Copy exactly, and only, the lines between the start of the entries below and the line containing "#2608 = AXIS2_PLACEMENT_3D", both inclusive. Omit pictures.

·····

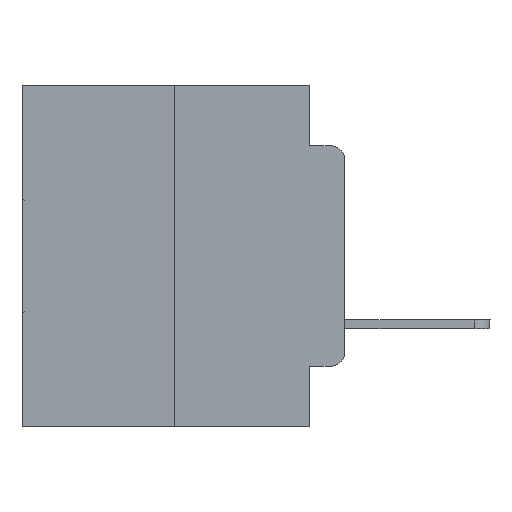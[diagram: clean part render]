
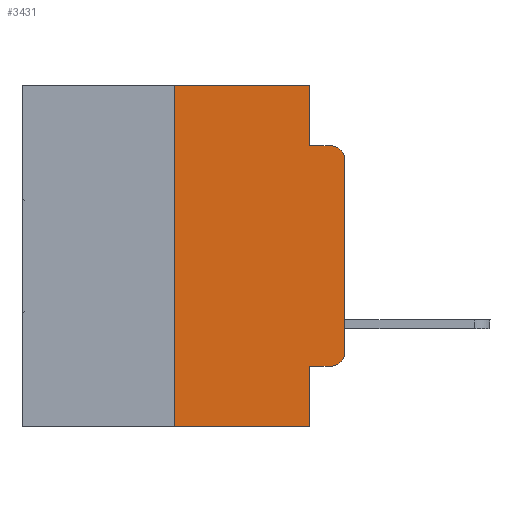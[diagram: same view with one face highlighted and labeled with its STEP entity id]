
A CAD part, left-side view. The second image highlights one B-rep face of the part: STEP entity #3431.
In plain terms, the highlighted planar face has unit normal (-1, 0, 0).
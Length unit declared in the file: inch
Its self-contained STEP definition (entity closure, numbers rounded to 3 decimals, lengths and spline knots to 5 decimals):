
#162 = DIRECTION ( 'NONE',  ( -1., 0., 0. ) ) ;
#295 = VERTEX_POINT ( 'NONE', #6868 ) ;
#637 = CARTESIAN_POINT ( 'NONE',  ( 0., 0.02, -0.4115 ) ) ;
#737 = VERTEX_POINT ( 'NONE', #6688 ) ;
#825 = EDGE_CURVE ( 'NONE', #737, #11321, #18460, .T. ) ;
#1387 = EDGE_CURVE ( 'NONE', #29007, #3425, #28203, .T. ) ;
#1582 = ORIENTED_EDGE ( 'NONE', *, *, #28420, .T. ) ;
#1652 = CARTESIAN_POINT ( 'NONE',  ( 0., 0., 0. ) ) ;
#2148 = VERTEX_POINT ( 'NONE', #12827 ) ;
#2608 = AXIS2_PLACEMENT_3D ( 'NONE', #13949, #18780, #27968 ) ;
#2728 = DIRECTION ( 'NONE',  ( 0., 0., 1. ) ) ;
#3110 = EDGE_CURVE ( 'NONE', #295, #2148, #27893, .T. ) ;
#3425 = VERTEX_POINT ( 'NONE', #10807 ) ;
#3431 = ADVANCED_FACE ( 'NONE', ( #24999 ), #16091, .F. ) ;
#3813 = LINE ( 'NONE', #12995, #10114 ) ;
#4442 = EDGE_CURVE ( 'NONE', #11321, #24416, #20964, .T. ) ;
#5596 = EDGE_CURVE ( 'NONE', #295, #3425, #11342, .T. ) ;
#5876 = CARTESIAN_POINT ( 'NONE',  ( 0., 0., -0.1085 ) ) ;
#6538 = DIRECTION ( 'NONE',  ( 0., 0., -1. ) ) ;
#6688 = CARTESIAN_POINT ( 'NONE',  ( 0., 0.051, 0. ) ) ;
#6868 = CARTESIAN_POINT ( 'NONE',  ( 0., 0.25, -0.5 ) ) ;
#7010 = EDGE_CURVE ( 'NONE', #14536, #13848, #26977, .T. ) ;
#7149 = LINE ( 'NONE', #20582, #23803 ) ;
#8207 = CARTESIAN_POINT ( 'NONE',  ( 0., 0., -0.3915 ) ) ;
#8684 = EDGE_LOOP ( 'NONE', ( #15167, #1582, #21241, #23757, #24203, #15164, #28158, #16300, #9314, #19852 ) ) ;
#9314 = ORIENTED_EDGE ( 'NONE', *, *, #9545, .T. ) ;
#9403 = DIRECTION ( 'NONE',  ( 0., -1., 0. ) ) ;
#9545 = EDGE_CURVE ( 'NONE', #29007, #17593, #3813, .T. ) ;
#9615 = VECTOR ( 'NONE', #29345, 39.37008 ) ;
#9991 = VECTOR ( 'NONE', #18153, 39.37008 ) ;
#10114 = VECTOR ( 'NONE', #17678, 39.37008 ) ;
#10807 = CARTESIAN_POINT ( 'NONE',  ( 0., 0.051, -0.5 ) ) ;
#11276 = VECTOR ( 'NONE', #16424, 39.37008 ) ;
#11321 = VERTEX_POINT ( 'NONE', #24684 ) ;
#11342 = LINE ( 'NONE', #27493, #9991 ) ;
#11814 = VECTOR ( 'NONE', #6538, 39.37008 ) ;
#12827 = CARTESIAN_POINT ( 'NONE',  ( 0., 0.25, 0. ) ) ;
#12995 = CARTESIAN_POINT ( 'NONE',  ( 0., 0.051, -0.4115 ) ) ;
#13191 = CARTESIAN_POINT ( 'NONE',  ( 0., 0.051, -0.4115 ) ) ;
#13232 = CARTESIAN_POINT ( 'NONE',  ( 0., 0.473, 0. ) ) ;
#13848 = VERTEX_POINT ( 'NONE', #5876 ) ;
#13949 = CARTESIAN_POINT ( 'NONE',  ( 0., 0.02, -0.3915 ) ) ;
#14168 = CARTESIAN_POINT ( 'NONE',  ( 0., 0.25, 0. ) ) ;
#14473 = CARTESIAN_POINT ( 'NONE',  ( 0., 0.051, 0. ) ) ;
#14536 = VERTEX_POINT ( 'NONE', #8207 ) ;
#15164 = ORIENTED_EDGE ( 'NONE', *, *, #3110, .F. ) ;
#15167 = ORIENTED_EDGE ( 'NONE', *, *, #7010, .T. ) ;
#15485 = DIRECTION ( 'NONE',  ( 1., 0., 0. ) ) ;
#16091 = PLANE ( 'NONE',  #19921 ) ;
#16300 = ORIENTED_EDGE ( 'NONE', *, *, #1387, .F. ) ;
#16424 = DIRECTION ( 'NONE',  ( 0., -1., 0. ) ) ;
#17593 = VERTEX_POINT ( 'NONE', #637 ) ;
#17678 = DIRECTION ( 'NONE',  ( 0., -1., 0. ) ) ;
#18153 = DIRECTION ( 'NONE',  ( 0., -1., 0. ) ) ;
#18460 = LINE ( 'NONE', #29754, #11814 ) ;
#18555 = DIRECTION ( 'NONE',  ( 0., 0., -1. ) ) ;
#18780 = DIRECTION ( 'NONE',  ( -1., 0., 0. ) ) ;
#19007 = CARTESIAN_POINT ( 'NONE',  ( 0., 0.051, -0.0885 ) ) ;
#19852 = ORIENTED_EDGE ( 'NONE', *, *, #29223, .T. ) ;
#19921 = AXIS2_PLACEMENT_3D ( 'NONE', #13232, #15485, #25144 ) ;
#20026 = CIRCLE ( 'NONE', #29662, 0.02 ) ;
#20582 = CARTESIAN_POINT ( 'NONE',  ( 0., 0.473, 0. ) ) ;
#20964 = LINE ( 'NONE', #19007, #11276 ) ;
#21241 = ORIENTED_EDGE ( 'NONE', *, *, #4442, .F. ) ;
#22755 = DIRECTION ( 'NONE',  ( 0., 0., 1. ) ) ;
#23757 = ORIENTED_EDGE ( 'NONE', *, *, #825, .F. ) ;
#23803 = VECTOR ( 'NONE', #9403, 39.37008 ) ;
#24203 = ORIENTED_EDGE ( 'NONE', *, *, #27941, .F. ) ;
#24416 = VERTEX_POINT ( 'NONE', #26090 ) ;
#24533 = VECTOR ( 'NONE', #22755, 39.37008 ) ;
#24684 = CARTESIAN_POINT ( 'NONE',  ( 0., 0.051, -0.0885 ) ) ;
#24999 = FACE_OUTER_BOUND ( 'NONE', #8684, .T. ) ;
#25144 = DIRECTION ( 'NONE',  ( 0., 0., -1. ) ) ;
#26061 = VECTOR ( 'NONE', #2728, 39.37008 ) ;
#26090 = CARTESIAN_POINT ( 'NONE',  ( 0., 0.02, -0.0885 ) ) ;
#26977 = LINE ( 'NONE', #1652, #24533 ) ;
#27493 = CARTESIAN_POINT ( 'NONE',  ( 0., 0.473, -0.5 ) ) ;
#27893 = LINE ( 'NONE', #14168, #26061 ) ;
#27941 = EDGE_CURVE ( 'NONE', #2148, #737, #7149, .T. ) ;
#27968 = DIRECTION ( 'NONE',  ( 0., 0., -1. ) ) ;
#28028 = CARTESIAN_POINT ( 'NONE',  ( 0., 0.02, -0.1085 ) ) ;
#28158 = ORIENTED_EDGE ( 'NONE', *, *, #5596, .T. ) ;
#28203 = LINE ( 'NONE', #14473, #9615 ) ;
#28420 = EDGE_CURVE ( 'NONE', #13848, #24416, #20026, .T. ) ;
#28595 = CIRCLE ( 'NONE', #2608, 0.02 ) ;
#29007 = VERTEX_POINT ( 'NONE', #13191 ) ;
#29223 = EDGE_CURVE ( 'NONE', #17593, #14536, #28595, .T. ) ;
#29345 = DIRECTION ( 'NONE',  ( 0., 0., -1. ) ) ;
#29662 = AXIS2_PLACEMENT_3D ( 'NONE', #28028, #162, #18555 ) ;
#29754 = CARTESIAN_POINT ( 'NONE',  ( 0., 0.051, 0. ) ) ;

·····

PROBLEM SOLUTION =>
[diagram: clean part render]
[diagram: same view with one face highlighted and labeled with its STEP entity id]
A CAD part, left-side view. The second image highlights one B-rep face of the part: STEP entity #3431.
In plain terms, the highlighted planar face has unit normal (-1, 0, 0).
Length unit declared in the file: inch
Its self-contained STEP definition (entity closure, numbers rounded to 3 decimals, lengths and spline knots to 5 decimals):
#162 = DIRECTION ( 'NONE',  ( -1., 0., 0. ) ) ;
#295 = VERTEX_POINT ( 'NONE', #6868 ) ;
#637 = CARTESIAN_POINT ( 'NONE',  ( 0., 0.02, -0.4115 ) ) ;
#737 = VERTEX_POINT ( 'NONE', #6688 ) ;
#825 = EDGE_CURVE ( 'NONE', #737, #11321, #18460, .T. ) ;
#1387 = EDGE_CURVE ( 'NONE', #29007, #3425, #28203, .T. ) ;
#1582 = ORIENTED_EDGE ( 'NONE', *, *, #28420, .T. ) ;
#1652 = CARTESIAN_POINT ( 'NONE',  ( 0., 0., 0. ) ) ;
#2148 = VERTEX_POINT ( 'NONE', #12827 ) ;
#2608 = AXIS2_PLACEMENT_3D ( 'NONE', #13949, #18780, #27968 ) ;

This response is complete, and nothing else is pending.